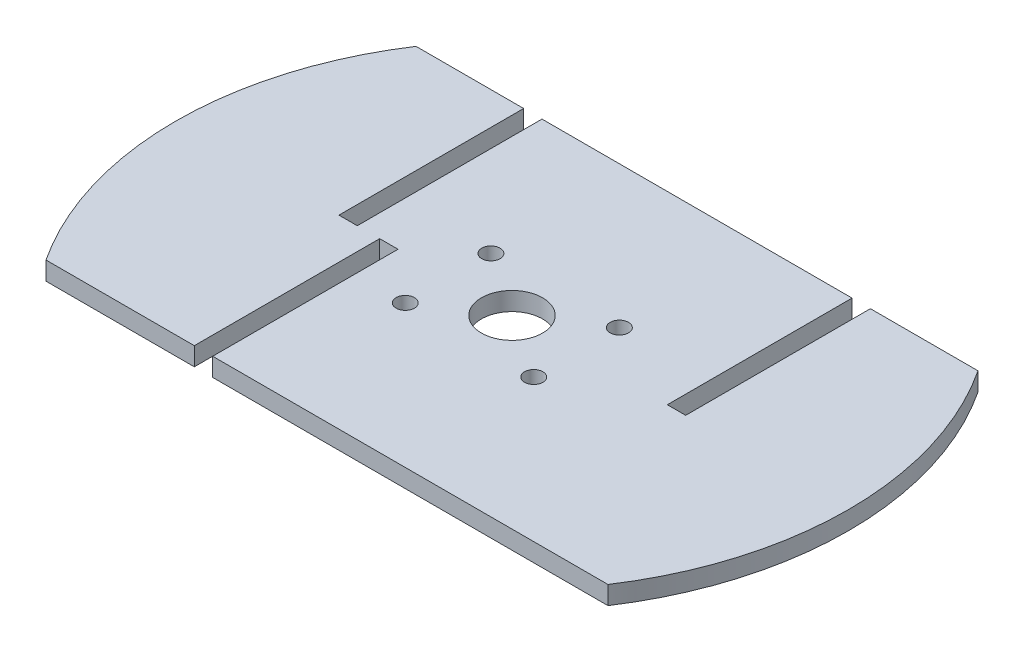
ISO-10303-21;
HEADER;
FILE_DESCRIPTION(('STEP AP214'),'2;1');
FILE_NAME('part.step','',(''),(''),'','','');
FILE_SCHEMA(('AUTOMOTIVE_DESIGN { 1 0 10303 214 1 1 1 1 }'));
ENDSEC;
DATA;
#1=APPLICATION_CONTEXT('core data for automotive mechanical design processes');
#2=APPLICATION_PROTOCOL_DEFINITION('international standard','automotive_design',2000,#1);
#3=PRODUCT_CONTEXT('',#1,'mechanical');
#4=PRODUCT('Part','Part','',(#3));
#5=PRODUCT_RELATED_PRODUCT_CATEGORY('part','',(#4));
#6=PRODUCT_DEFINITION_FORMATION('','',#4);
#7=PRODUCT_DEFINITION_CONTEXT('part definition',#1,'design');
#8=PRODUCT_DEFINITION('design','',#6,#7);
#9=PRODUCT_DEFINITION_SHAPE('','',#8);
#10=(LENGTH_UNIT() NAMED_UNIT(*) SI_UNIT(.MILLI.,.METRE.));
#11=(NAMED_UNIT(*) PLANE_ANGLE_UNIT() SI_UNIT($,.RADIAN.));
#12=(NAMED_UNIT(*) SI_UNIT($,.STERADIAN.) SOLID_ANGLE_UNIT());
#13=UNCERTAINTY_MEASURE_WITH_UNIT(LENGTH_MEASURE(1.E-05),#10,'distance_accuracy_value','');
#14=(GEOMETRIC_REPRESENTATION_CONTEXT(3) GLOBAL_UNCERTAINTY_ASSIGNED_CONTEXT((#13)) GLOBAL_UNIT_ASSIGNED_CONTEXT((#10,
#11,#12)) REPRESENTATION_CONTEXT('',''));
#15=CARTESIAN_POINT('',(0.,0.,0.));
#16=DIRECTION('',(0.,0.,1.));
#17=DIRECTION('',(1.,0.,0.));
#18=AXIS2_PLACEMENT_3D('',#15,#16,#17);
#19=CARTESIAN_POINT('',(54.57763981957,3.,56.7970057737135));
#20=DIRECTION('',(0.,0.,1.));
#21=DIRECTION('',(1.,0.,0.));
#22=AXIS2_PLACEMENT_3D('',#19,#20,#21);
#23=PLANE('',#22);
#24=DIRECTION('',(0.,1.,0.));
#25=VECTOR('',#24,1.);
#26=CARTESIAN_POINT('',(-15.45236018043,0.,56.7970057737135));
#27=LINE('',#26,#25);
#28=CARTESIAN_POINT('',(-15.45236018043,0.,56.7970057737135));
#29=VERTEX_POINT('',#28);
#30=CARTESIAN_POINT('',(-15.45236018043,3.,56.7970057737135));
#31=VERTEX_POINT('',#30);
#32=EDGE_CURVE('E345',#29,#31,#27,.T.);
#33=ORIENTED_EDGE('',*,*,#32,.T.);
#34=DIRECTION('',(-1.,0.,0.));
#35=VECTOR('',#34,1.);
#36=CARTESIAN_POINT('',(54.57763981957,3.,56.7970057737135));
#37=LINE('',#36,#35);
#38=CARTESIAN_POINT('',(-39.7014161737776,3.,56.7970057737135));
#39=VERTEX_POINT('',#38);
#40=EDGE_CURVE('E230',#31,#39,#37,.T.);
#41=ORIENTED_EDGE('',*,*,#40,.T.);
#42=DIRECTION('',(0.,1.,0.));
#43=VECTOR('',#42,1.);
#44=CARTESIAN_POINT('',(-39.7014161737776,0.,56.7970057737135));
#45=LINE('',#44,#43);
#46=CARTESIAN_POINT('',(-39.7014161737776,0.,56.7970057737135));
#47=VERTEX_POINT('',#46);
#48=EDGE_CURVE('E331',#47,#39,#45,.T.);
#49=ORIENTED_EDGE('',*,*,#48,.F.);
#50=DIRECTION('',(-1.,0.,0.));
#51=VECTOR('',#50,1.);
#52=CARTESIAN_POINT('',(54.57763981957,0.,56.7970057737135));
#53=LINE('',#52,#51);
#54=EDGE_CURVE('E190',#29,#47,#53,.T.);
#55=ORIENTED_EDGE('',*,*,#54,.F.);
#56=EDGE_LOOP('',(#33,#41,#49,#55));
#57=FACE_BOUND('',#56,.T.);
#58=ADVANCED_FACE('F45',(#57),#23,.T.);
#59=DIRECTION('',(0.,1.,0.));
#60=VECTOR('',#59,1.);
#61=CARTESIAN_POINT('',(-12.45236018043,0.,56.7970057737135));
#62=LINE('',#61,#60);
#63=CARTESIAN_POINT('',(-12.45236018043,0.,56.7970057737135));
#64=VERTEX_POINT('',#63);
#65=CARTESIAN_POINT('',(-12.45236018043,3.,56.7970057737135));
#66=VERTEX_POINT('',#65);
#67=EDGE_CURVE('E164',#64,#66,#62,.T.);
#68=ORIENTED_EDGE('',*,*,#67,.F.);
#69=CARTESIAN_POINT('',(52.1666958129177,0.,56.7970057737135));
#70=VERTEX_POINT('',#69);
#71=EDGE_CURVE('E176',#70,#64,#53,.T.);
#72=ORIENTED_EDGE('',*,*,#71,.F.);
#73=DIRECTION('',(0.,1.,0.));
#74=VECTOR('',#73,1.);
#75=CARTESIAN_POINT('',(52.1666958129177,0.,56.7970057737135));
#76=LINE('',#75,#74);
#77=CARTESIAN_POINT('',(52.1666958129177,3.,56.7970057737135));
#78=VERTEX_POINT('',#77);
#79=EDGE_CURVE('E338',#70,#78,#76,.T.);
#80=ORIENTED_EDGE('',*,*,#79,.T.);
#81=EDGE_CURVE('E178',#78,#66,#37,.T.);
#82=ORIENTED_EDGE('',*,*,#81,.T.);
#83=EDGE_LOOP('',(#68,#72,#80,#82));
#84=FACE_BOUND('',#83,.T.);
#85=ADVANCED_FACE('F47',(#84),#23,.T.);
#86=CARTESIAN_POINT('',(34.57763981957,3.,-3.70299422628653));
#87=DIRECTION('',(0.,0.,-1.));
#88=DIRECTION('',(-1.,0.,0.));
#89=AXIS2_PLACEMENT_3D('',#86,#87,#88);
#90=PLANE('',#89);
#91=DIRECTION('',(0.,1.,0.));
#92=VECTOR('',#91,1.);
#93=CARTESIAN_POINT('',(52.1666958129177,0.,-3.70299422628653));
#94=LINE('',#93,#92);
#95=CARTESIAN_POINT('',(52.1666958129177,0.,-3.70299422628653));
#96=VERTEX_POINT('',#95);
#97=CARTESIAN_POINT('',(52.1666958129177,3.,-3.70299422628653));
#98=VERTEX_POINT('',#97);
#99=EDGE_CURVE('E342',#96,#98,#94,.T.);
#100=ORIENTED_EDGE('',*,*,#99,.F.);
#101=DIRECTION('',(1.,0.,0.));
#102=VECTOR('',#101,1.);
#103=CARTESIAN_POINT('',(34.57763981957,0.,-3.70299422628653));
#104=LINE('',#103,#102);
#105=CARTESIAN_POINT('',(34.57763981957,0.,-3.70299422628653));
#106=VERTEX_POINT('',#105);
#107=EDGE_CURVE('E228',#106,#96,#104,.T.);
#108=ORIENTED_EDGE('',*,*,#107,.F.);
#109=DIRECTION('',(0.,-1.,0.));
#110=VECTOR('',#109,1.);
#111=CARTESIAN_POINT('',(34.57763981957,3.,-3.70299422628653));
#112=LINE('',#111,#110);
#113=CARTESIAN_POINT('',(34.57763981957,3.,-3.70299422628653));
#114=VERTEX_POINT('',#113);
#115=EDGE_CURVE('E11',#114,#106,#112,.T.);
#116=ORIENTED_EDGE('',*,*,#115,.F.);
#117=DIRECTION('',(1.,0.,0.));
#118=VECTOR('',#117,1.);
#119=CARTESIAN_POINT('',(34.57763981957,3.,-3.70299422628653));
#120=LINE('',#119,#118);
#121=EDGE_CURVE('E198',#114,#98,#120,.T.);
#122=ORIENTED_EDGE('',*,*,#121,.T.);
#123=EDGE_LOOP('',(#100,#108,#116,#122));
#124=FACE_BOUND('',#123,.T.);
#125=ADVANCED_FACE('F415',(#124),#90,.T.);
#126=CARTESIAN_POINT('',(34.57763981957,3.,26.4970057737135));
#127=DIRECTION('',(-1.,0.,0.));
#128=DIRECTION('',(0.,0.,1.));
#129=AXIS2_PLACEMENT_3D('',#126,#127,#128);
#130=PLANE('',#129);
#131=DIRECTION('',(0.,0.,-1.));
#132=VECTOR('',#131,1.);
#133=CARTESIAN_POINT('',(34.57763981957,0.,26.4970057737135));
#134=LINE('',#133,#132);
#135=CARTESIAN_POINT('',(34.57763981957,0.,26.4970057737135));
#136=VERTEX_POINT('',#135);
#137=EDGE_CURVE('E224',#136,#106,#134,.T.);
#138=ORIENTED_EDGE('',*,*,#137,.F.);
#139=DIRECTION('',(0.,-1.,0.));
#140=VECTOR('',#139,1.);
#141=CARTESIAN_POINT('',(34.57763981957,3.,26.4970057737135));
#142=LINE('',#141,#140);
#143=CARTESIAN_POINT('',(34.57763981957,3.,26.4970057737135));
#144=VERTEX_POINT('',#143);
#145=EDGE_CURVE('E55',#144,#136,#142,.T.);
#146=ORIENTED_EDGE('',*,*,#145,.F.);
#147=DIRECTION('',(0.,0.,-1.));
#148=VECTOR('',#147,1.);
#149=CARTESIAN_POINT('',(34.57763981957,3.,26.4970057737135));
#150=LINE('',#149,#148);
#151=EDGE_CURVE('E259',#144,#114,#150,.T.);
#152=ORIENTED_EDGE('',*,*,#151,.T.);
#153=ORIENTED_EDGE('',*,*,#115,.T.);
#154=EDGE_LOOP('',(#138,#146,#152,#153));
#155=FACE_BOUND('',#154,.T.);
#156=ADVANCED_FACE('F413',(#155),#130,.T.);
#157=CARTESIAN_POINT('',(31.57763981957,3.,26.4970057737135));
#158=DIRECTION('',(0.,0.,-1.));
#159=DIRECTION('',(-1.,0.,0.));
#160=AXIS2_PLACEMENT_3D('',#157,#158,#159);
#161=PLANE('',#160);
#162=DIRECTION('',(1.,0.,0.));
#163=VECTOR('',#162,1.);
#164=CARTESIAN_POINT('',(31.57763981957,0.,26.4970057737135));
#165=LINE('',#164,#163);
#166=CARTESIAN_POINT('',(31.57763981957,0.,26.4970057737135));
#167=VERTEX_POINT('',#166);
#168=EDGE_CURVE('E220',#167,#136,#165,.T.);
#169=ORIENTED_EDGE('',*,*,#168,.F.);
#170=DIRECTION('',(0.,-1.,0.));
#171=VECTOR('',#170,1.);
#172=CARTESIAN_POINT('',(31.57763981957,3.,26.4970057737135));
#173=LINE('',#172,#171);
#174=CARTESIAN_POINT('',(31.57763981957,3.,26.4970057737135));
#175=VERTEX_POINT('',#174);
#176=EDGE_CURVE('E234',#175,#167,#173,.T.);
#177=ORIENTED_EDGE('',*,*,#176,.F.);
#178=DIRECTION('',(1.,0.,0.));
#179=VECTOR('',#178,1.);
#180=CARTESIAN_POINT('',(31.57763981957,3.,26.4970057737135));
#181=LINE('',#180,#179);
#182=EDGE_CURVE('E265',#175,#144,#181,.T.);
#183=ORIENTED_EDGE('',*,*,#182,.T.);
#184=ORIENTED_EDGE('',*,*,#145,.T.);
#185=EDGE_LOOP('',(#169,#177,#183,#184));
#186=FACE_BOUND('',#185,.T.);
#187=ADVANCED_FACE('F412',(#186),#161,.T.);
#188=CARTESIAN_POINT('',(31.57763981957,3.,-3.70299422628653));
#189=DIRECTION('',(1.,0.,0.));
#190=DIRECTION('',(0.,0.,-1.));
#191=AXIS2_PLACEMENT_3D('',#188,#189,#190);
#192=PLANE('',#191);
#193=DIRECTION('',(0.,0.,1.));
#194=VECTOR('',#193,1.);
#195=CARTESIAN_POINT('',(31.57763981957,0.,-3.70299422628653));
#196=LINE('',#195,#194);
#197=CARTESIAN_POINT('',(31.57763981957,0.,-3.70299422628653));
#198=VERTEX_POINT('',#197);
#199=EDGE_CURVE('E216',#198,#167,#196,.T.);
#200=ORIENTED_EDGE('',*,*,#199,.F.);
#201=DIRECTION('',(0.,-1.,0.));
#202=VECTOR('',#201,1.);
#203=CARTESIAN_POINT('',(31.57763981957,3.,-3.70299422628653));
#204=LINE('',#203,#202);
#205=CARTESIAN_POINT('',(31.57763981957,3.,-3.70299422628653));
#206=VERTEX_POINT('',#205);
#207=EDGE_CURVE('E237',#206,#198,#204,.T.);
#208=ORIENTED_EDGE('',*,*,#207,.F.);
#209=DIRECTION('',(0.,0.,1.));
#210=VECTOR('',#209,1.);
#211=CARTESIAN_POINT('',(31.57763981957,3.,-3.70299422628653));
#212=LINE('',#211,#210);
#213=EDGE_CURVE('E270',#206,#175,#212,.T.);
#214=ORIENTED_EDGE('',*,*,#213,.T.);
#215=ORIENTED_EDGE('',*,*,#176,.T.);
#216=EDGE_LOOP('',(#200,#208,#214,#215));
#217=FACE_BOUND('',#216,.T.);
#218=ADVANCED_FACE('F408',(#217),#192,.T.);
#219=CARTESIAN_POINT('',(-12.45236018043,3.,-3.70299422628653));
#220=DIRECTION('',(0.,0.,-1.));
#221=DIRECTION('',(-1.,0.,0.));
#222=AXIS2_PLACEMENT_3D('',#219,#220,#221);
#223=PLANE('',#222);
#224=DIRECTION('',(1.,0.,0.));
#225=VECTOR('',#224,1.);
#226=CARTESIAN_POINT('',(-12.45236018043,0.,-3.70299422628653));
#227=LINE('',#226,#225);
#228=CARTESIAN_POINT('',(-19.11236018043,0.,-3.70299422628653));
#229=VERTEX_POINT('',#228);
#230=EDGE_CURVE('E212',#229,#198,#227,.T.);
#231=ORIENTED_EDGE('',*,*,#230,.F.);
#232=DIRECTION('',(0.,-1.,0.));
#233=VECTOR('',#232,1.);
#234=CARTESIAN_POINT('',(-19.11236018043,3.,-3.70299422628653));
#235=LINE('',#234,#233);
#236=CARTESIAN_POINT('',(-19.11236018043,3.,-3.70299422628653));
#237=VERTEX_POINT('',#236);
#238=EDGE_CURVE('E240',#237,#229,#235,.T.);
#239=ORIENTED_EDGE('',*,*,#238,.F.);
#240=DIRECTION('',(1.,0.,0.));
#241=VECTOR('',#240,1.);
#242=CARTESIAN_POINT('',(-19.11236018043,3.,-3.70299422628653));
#243=LINE('',#242,#241);
#244=EDGE_CURVE('E276',#237,#206,#243,.T.);
#245=ORIENTED_EDGE('',*,*,#244,.T.);
#246=ORIENTED_EDGE('',*,*,#207,.T.);
#247=EDGE_LOOP('',(#231,#239,#245,#246));
#248=FACE_BOUND('',#247,.T.);
#249=ADVANCED_FACE('F402',(#248),#223,.T.);
#250=CARTESIAN_POINT('',(-19.11236018043,3.,26.4970057737135));
#251=DIRECTION('',(-1.,0.,0.));
#252=DIRECTION('',(0.,0.,1.));
#253=AXIS2_PLACEMENT_3D('',#250,#251,#252);
#254=PLANE('',#253);
#255=DIRECTION('',(0.,0.,-1.));
#256=VECTOR('',#255,1.);
#257=CARTESIAN_POINT('',(-19.11236018043,0.,26.4970057737135));
#258=LINE('',#257,#256);
#259=CARTESIAN_POINT('',(-19.11236018043,0.,26.4970057737135));
#260=VERTEX_POINT('',#259);
#261=EDGE_CURVE('E208',#260,#229,#258,.T.);
#262=ORIENTED_EDGE('',*,*,#261,.F.);
#263=DIRECTION('',(0.,-1.,0.));
#264=VECTOR('',#263,1.);
#265=CARTESIAN_POINT('',(-19.11236018043,3.,26.4970057737135));
#266=LINE('',#265,#264);
#267=CARTESIAN_POINT('',(-19.11236018043,3.,26.4970057737135));
#268=VERTEX_POINT('',#267);
#269=EDGE_CURVE('E244',#268,#260,#266,.T.);
#270=ORIENTED_EDGE('',*,*,#269,.F.);
#271=DIRECTION('',(0.,0.,-1.));
#272=VECTOR('',#271,1.);
#273=CARTESIAN_POINT('',(-19.11236018043,3.,26.4970057737135));
#274=LINE('',#273,#272);
#275=EDGE_CURVE('E279',#268,#237,#274,.T.);
#276=ORIENTED_EDGE('',*,*,#275,.T.);
#277=ORIENTED_EDGE('',*,*,#238,.T.);
#278=EDGE_LOOP('',(#262,#270,#276,#277));
#279=FACE_BOUND('',#278,.T.);
#280=ADVANCED_FACE('F399',(#279),#254,.T.);
#281=CARTESIAN_POINT('',(-22.11236018043,3.,26.4970057737135));
#282=DIRECTION('',(0.,0.,-1.));
#283=DIRECTION('',(-1.,0.,0.));
#284=AXIS2_PLACEMENT_3D('',#281,#282,#283);
#285=PLANE('',#284);
#286=DIRECTION('',(1.,0.,0.));
#287=VECTOR('',#286,1.);
#288=CARTESIAN_POINT('',(-22.11236018043,0.,26.4970057737135));
#289=LINE('',#288,#287);
#290=CARTESIAN_POINT('',(-22.11236018043,0.,26.4970057737135));
#291=VERTEX_POINT('',#290);
#292=EDGE_CURVE('E204',#291,#260,#289,.T.);
#293=ORIENTED_EDGE('',*,*,#292,.F.);
#294=DIRECTION('',(0.,-1.,0.));
#295=VECTOR('',#294,1.);
#296=CARTESIAN_POINT('',(-22.11236018043,3.,26.4970057737135));
#297=LINE('',#296,#295);
#298=CARTESIAN_POINT('',(-22.11236018043,3.,26.4970057737135));
#299=VERTEX_POINT('',#298);
#300=EDGE_CURVE('E246',#299,#291,#297,.T.);
#301=ORIENTED_EDGE('',*,*,#300,.F.);
#302=DIRECTION('',(1.,0.,0.));
#303=VECTOR('',#302,1.);
#304=CARTESIAN_POINT('',(-22.11236018043,3.,26.4970057737135));
#305=LINE('',#304,#303);
#306=EDGE_CURVE('E283',#299,#268,#305,.T.);
#307=ORIENTED_EDGE('',*,*,#306,.T.);
#308=ORIENTED_EDGE('',*,*,#269,.T.);
#309=EDGE_LOOP('',(#293,#301,#307,#308));
#310=FACE_BOUND('',#309,.T.);
#311=ADVANCED_FACE('F396',(#310),#285,.T.);
#312=CARTESIAN_POINT('',(-22.11236018043,3.,-3.70299422628653));
#313=DIRECTION('',(1.,0.,0.));
#314=DIRECTION('',(0.,0.,-1.));
#315=AXIS2_PLACEMENT_3D('',#312,#313,#314);
#316=PLANE('',#315);
#317=DIRECTION('',(0.,0.,1.));
#318=VECTOR('',#317,1.);
#319=CARTESIAN_POINT('',(-22.11236018043,0.,-3.70299422628653));
#320=LINE('',#319,#318);
#321=CARTESIAN_POINT('',(-22.11236018043,0.,-3.70299422628653));
#322=VERTEX_POINT('',#321);
#323=EDGE_CURVE('E194',#322,#291,#320,.T.);
#324=ORIENTED_EDGE('',*,*,#323,.F.);
#325=DIRECTION('',(0.,-1.,0.));
#326=VECTOR('',#325,1.);
#327=CARTESIAN_POINT('',(-22.11236018043,3.,-3.70299422628653));
#328=LINE('',#327,#326);
#329=CARTESIAN_POINT('',(-22.11236018043,3.,-3.70299422628653));
#330=VERTEX_POINT('',#329);
#331=EDGE_CURVE('E49',#330,#322,#328,.T.);
#332=ORIENTED_EDGE('',*,*,#331,.F.);
#333=DIRECTION('',(0.,0.,1.));
#334=VECTOR('',#333,1.);
#335=CARTESIAN_POINT('',(-22.11236018043,3.,-3.70299422628653));
#336=LINE('',#335,#334);
#337=EDGE_CURVE('E287',#330,#299,#336,.T.);
#338=ORIENTED_EDGE('',*,*,#337,.T.);
#339=ORIENTED_EDGE('',*,*,#300,.T.);
#340=EDGE_LOOP('',(#324,#332,#338,#339));
#341=FACE_BOUND('',#340,.T.);
#342=ADVANCED_FACE('F393',(#341),#316,.T.);
#343=CARTESIAN_POINT('',(-42.11236018043,3.,-3.70299422628653));
#344=DIRECTION('',(0.,0.,-1.));
#345=DIRECTION('',(-1.,0.,0.));
#346=AXIS2_PLACEMENT_3D('',#343,#344,#345);
#347=PLANE('',#346);
#348=DIRECTION('',(0.,1.,0.));
#349=VECTOR('',#348,1.);
#350=CARTESIAN_POINT('',(-39.7014161737776,0.,-3.70299422628653));
#351=LINE('',#350,#349);
#352=CARTESIAN_POINT('',(-39.7014161737776,0.,-3.70299422628653));
#353=VERTEX_POINT('',#352);
#354=CARTESIAN_POINT('',(-39.7014161737776,3.,-3.70299422628653));
#355=VERTEX_POINT('',#354);
#356=EDGE_CURVE('E71',#353,#355,#351,.T.);
#357=ORIENTED_EDGE('',*,*,#356,.T.);
#358=DIRECTION('',(1.,0.,0.));
#359=VECTOR('',#358,1.);
#360=CARTESIAN_POINT('',(-42.11236018043,3.,-3.70299422628653));
#361=LINE('',#360,#359);
#362=EDGE_CURVE('E290',#355,#330,#361,.T.);
#363=ORIENTED_EDGE('',*,*,#362,.T.);
#364=ORIENTED_EDGE('',*,*,#331,.T.);
#365=DIRECTION('',(1.,0.,0.));
#366=VECTOR('',#365,1.);
#367=CARTESIAN_POINT('',(-42.11236018043,0.,-3.70299422628653));
#368=LINE('',#367,#366);
#369=EDGE_CURVE('E189',#353,#322,#368,.T.);
#370=ORIENTED_EDGE('',*,*,#369,.F.);
#371=EDGE_LOOP('',(#357,#363,#364,#370));
#372=FACE_BOUND('',#371,.T.);
#373=ADVANCED_FACE('F392',(#372),#347,.T.);
#374=CARTESIAN_POINT('',(-42.11236018043,3.,46.7970057737135));
#375=DIRECTION('',(0.,-1.,0.));
#376=DIRECTION('',(0.,0.,-1.));
#377=AXIS2_PLACEMENT_3D('',#374,#375,#376);
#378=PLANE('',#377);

* * * *

- [TASK GOAL]: Print, from the entries above, the line with "#33=ORIENTED_EDGE('',*,*,#32,.T.);", the line with "#81=EDGE_CURVE('E178',#78,#66,#37,.T.);" and all lines between them, exactly and with nothing else.

- [ANSWER SECTION]:
#33=ORIENTED_EDGE('',*,*,#32,.T.);
#34=DIRECTION('',(-1.,0.,0.));
#35=VECTOR('',#34,1.);
#36=CARTESIAN_POINT('',(54.57763981957,3.,56.7970057737135));
#37=LINE('',#36,#35);
#38=CARTESIAN_POINT('',(-39.7014161737776,3.,56.7970057737135));
#39=VERTEX_POINT('',#38);
#40=EDGE_CURVE('E230',#31,#39,#37,.T.);
#41=ORIENTED_EDGE('',*,*,#40,.T.);
#42=DIRECTION('',(0.,1.,0.));
#43=VECTOR('',#42,1.);
#44=CARTESIAN_POINT('',(-39.7014161737776,0.,56.7970057737135));
#45=LINE('',#44,#43);
#46=CARTESIAN_POINT('',(-39.7014161737776,0.,56.7970057737135));
#47=VERTEX_POINT('',#46);
#48=EDGE_CURVE('E331',#47,#39,#45,.T.);
#49=ORIENTED_EDGE('',*,*,#48,.F.);
#50=DIRECTION('',(-1.,0.,0.));
#51=VECTOR('',#50,1.);
#52=CARTESIAN_POINT('',(54.57763981957,0.,56.7970057737135));
#53=LINE('',#52,#51);
#54=EDGE_CURVE('E190',#29,#47,#53,.T.);
#55=ORIENTED_EDGE('',*,*,#54,.F.);
#56=EDGE_LOOP('',(#33,#41,#49,#55));
#57=FACE_BOUND('',#56,.T.);
#58=ADVANCED_FACE('F45',(#57),#23,.T.);
#59=DIRECTION('',(0.,1.,0.));
#60=VECTOR('',#59,1.);
#61=CARTESIAN_POINT('',(-12.45236018043,0.,56.7970057737135));
#62=LINE('',#61,#60);
#63=CARTESIAN_POINT('',(-12.45236018043,0.,56.7970057737135));
#64=VERTEX_POINT('',#63);
#65=CARTESIAN_POINT('',(-12.45236018043,3.,56.7970057737135));
#66=VERTEX_POINT('',#65);
#67=EDGE_CURVE('E164',#64,#66,#62,.T.);
#68=ORIENTED_EDGE('',*,*,#67,.F.);
#69=CARTESIAN_POINT('',(52.1666958129177,0.,56.7970057737135));
#70=VERTEX_POINT('',#69);
#71=EDGE_CURVE('E176',#70,#64,#53,.T.);
#72=ORIENTED_EDGE('',*,*,#71,.F.);
#73=DIRECTION('',(0.,1.,0.));
#74=VECTOR('',#73,1.);
#75=CARTESIAN_POINT('',(52.1666958129177,0.,56.7970057737135));
#76=LINE('',#75,#74);
#77=CARTESIAN_POINT('',(52.1666958129177,3.,56.7970057737135));
#78=VERTEX_POINT('',#77);
#79=EDGE_CURVE('E338',#70,#78,#76,.T.);
#80=ORIENTED_EDGE('',*,*,#79,.T.);
#81=EDGE_CURVE('E178',#78,#66,#37,.T.);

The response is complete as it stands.